DEPLOYMENT_NAME="${2:-}"

if [[ -z "$DEPLOYMENT_NAME" ]]; then
  echo "Usage: $0 <namespace> <deployment-name>"
  exit 1
fi

echo "Checking rollout for deployment/${DEPLOYMENT_NAME} in namespace ${NAMESPACE}"
kubectl rollout status "deployment/${DEPLOYMENT_NAME}" -n "$NAMESPACE" --timeout=120s
kubectl get pods -n "$NAMESPACE"

Use cases:

  • Post-deployment checks
  • CD validation steps
  • Quick operational validation during incidents

Example Script 6: Service Monitor with Exit Codes

This is useful when a script needs to integrate with monitoring systems or CI jobs.

#!/usr/bin/env bash
set -euo pipefail

SERVICE_NAME="${1:-nginx}"

if systemctl is-active --quiet "$SERVICE_NAME"; then
  echo "OK: ${SERVICE_NAME} is running"
  exit 0
else
  echo "CRITICAL: ${SERVICE_NAME} is not running"
  exit 2
fi

Use cases:

  • Nagios-style checks
  • Cron alerts
  • Jenkins or monitoring integrations

Running a Script

Save the file, then make it executable:

chmod +x script.sh

Run it:

./script.sh

Or pass arguments:

./script.sh production

You can also run it directly with an interpreter:

bash script.sh

Debugging Shell Scripts

Useful debugging techniques:

Enable command tracing

bash -x script.sh
trap 'echo "Error on line $LINENO"' ERR

Check syntax without running

bash -n script.sh

Lint with ShellCheck

shellcheck script.sh

ShellCheck is worth using

ShellCheck catches quoting mistakes, unsafe expansions, and common Bash pitfalls that are easy to miss in review.


Best Practices

  • Use #!/usr/bin/env bash when you are writing Bash-specific scripts
  • Start with set -euo pipefail for safer behavior
  • Quote variables like "$VAR" unless you intentionally want word splitting
  • Prefer functions for readability and reuse
  • Validate input arguments early
  • Return meaningful exit codes
  • Log clearly so operators can understand what happened
  • Avoid hardcoding secrets in scripts
  • Use mktemp for temporary files
  • Test scripts in a safe environment before production use

Common Mistakes to Avoid

  • Unquoted variables:
rm -rf $DIR

Safer:

rm -rf "$DIR"
  • Ignoring command failures
  • Using shell for overly complex business logic
  • Assuming tools like jq, kubectl, or aws are installed without checking
  • Deleting files without validating paths
  • Mixing POSIX sh syntax and Bash-specific syntax accidentally

Integration with DevOps Workflows

Shell scripts are often used inside:

  • Jenkins stages with sh
  • GitHub Actions run steps
  • Cron jobs for recurring tasks
  • Systemd services and timers
  • Docker entrypoint scripts
  • Kubernetes init containers and operational jobs

Example Jenkins stage:

stage('Backup Config') {
    steps {
        sh 'bash scripts/backup.sh /etc /var/backups/config'
    }
}

Example GitHub Actions step:

- name: Run health check
  run: bash scripts/health-check.sh

When to Use Another Language

Shell is not always the right tool.

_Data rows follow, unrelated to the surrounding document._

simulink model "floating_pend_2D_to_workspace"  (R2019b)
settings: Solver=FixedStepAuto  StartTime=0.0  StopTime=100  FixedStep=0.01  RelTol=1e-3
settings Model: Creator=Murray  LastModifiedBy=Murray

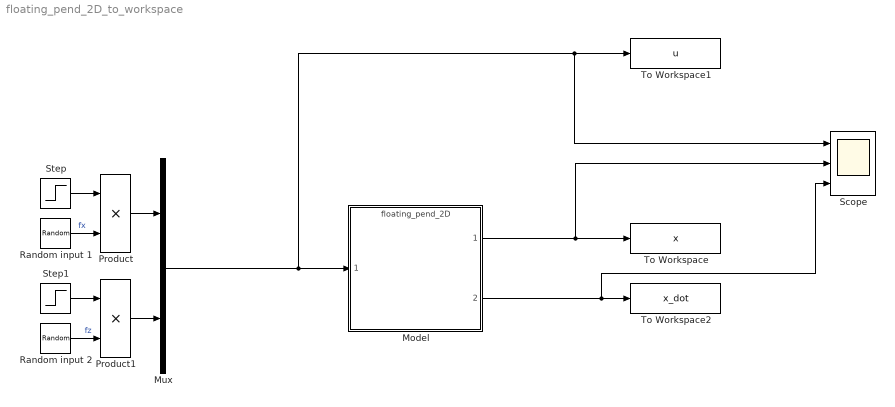
== system floating_pend_2D_to_workspace ==
  Model : ModelReference  ModelNameDialog=floating_pend_2D.slx  SimulationMode=Normal  ModelReferenceVersion=1.24
  Mux : Mux  Inputs=2
  Product : Product
  Product1 : Product
  Random input 1 : RandomNumber  Variance=25  Seed=2  SampleTime=5
  Random input 2 : RandomNumber  Mean=6*9.81  Variance=25  Seed=1  SampleTime=5
  Scope : Scope  NumInputPorts=3
  Step : Step  Before=1  SampleTime=0
  Step1 : Step  Before=1  SampleTime=0
  To Workspace : ToWorkspace  VariableName=x  SaveFormat=Timeseries  SampleTime=-1
  To Workspace1 : ToWorkspace  VariableName=u  SaveFormat=Timeseries  SampleTime=-1
  To Workspace2 : ToWorkspace  VariableName=x_dot  SaveFormat=Timeseries  SampleTime=-1
  wires:
  Model/1 -> Scope/2, To Workspace/1
  Mux/1 -> Scope/1, To Workspace1/1, Model/1
  Model/2 -> Scope/3, To Workspace2/1
  Step/1 -> Product/1
  Random input 1/1 -> Product/2  "fx"
  Product/1 -> Mux/1
  Step1/1 -> Product1/1
  Product1/1 -> Mux/2
  Random input 2/1 -> Product1/2  "fz"

Consider Python or Go when you need:

  • Complex parsing and data structures
  • Heavy JSON or YAML processing
  • Strong error modeling
  • Cross-platform application logic
  • Larger testable codebases

Use shell scripts for what they do best: command orchestration, operational automation, and fast system-level workflows.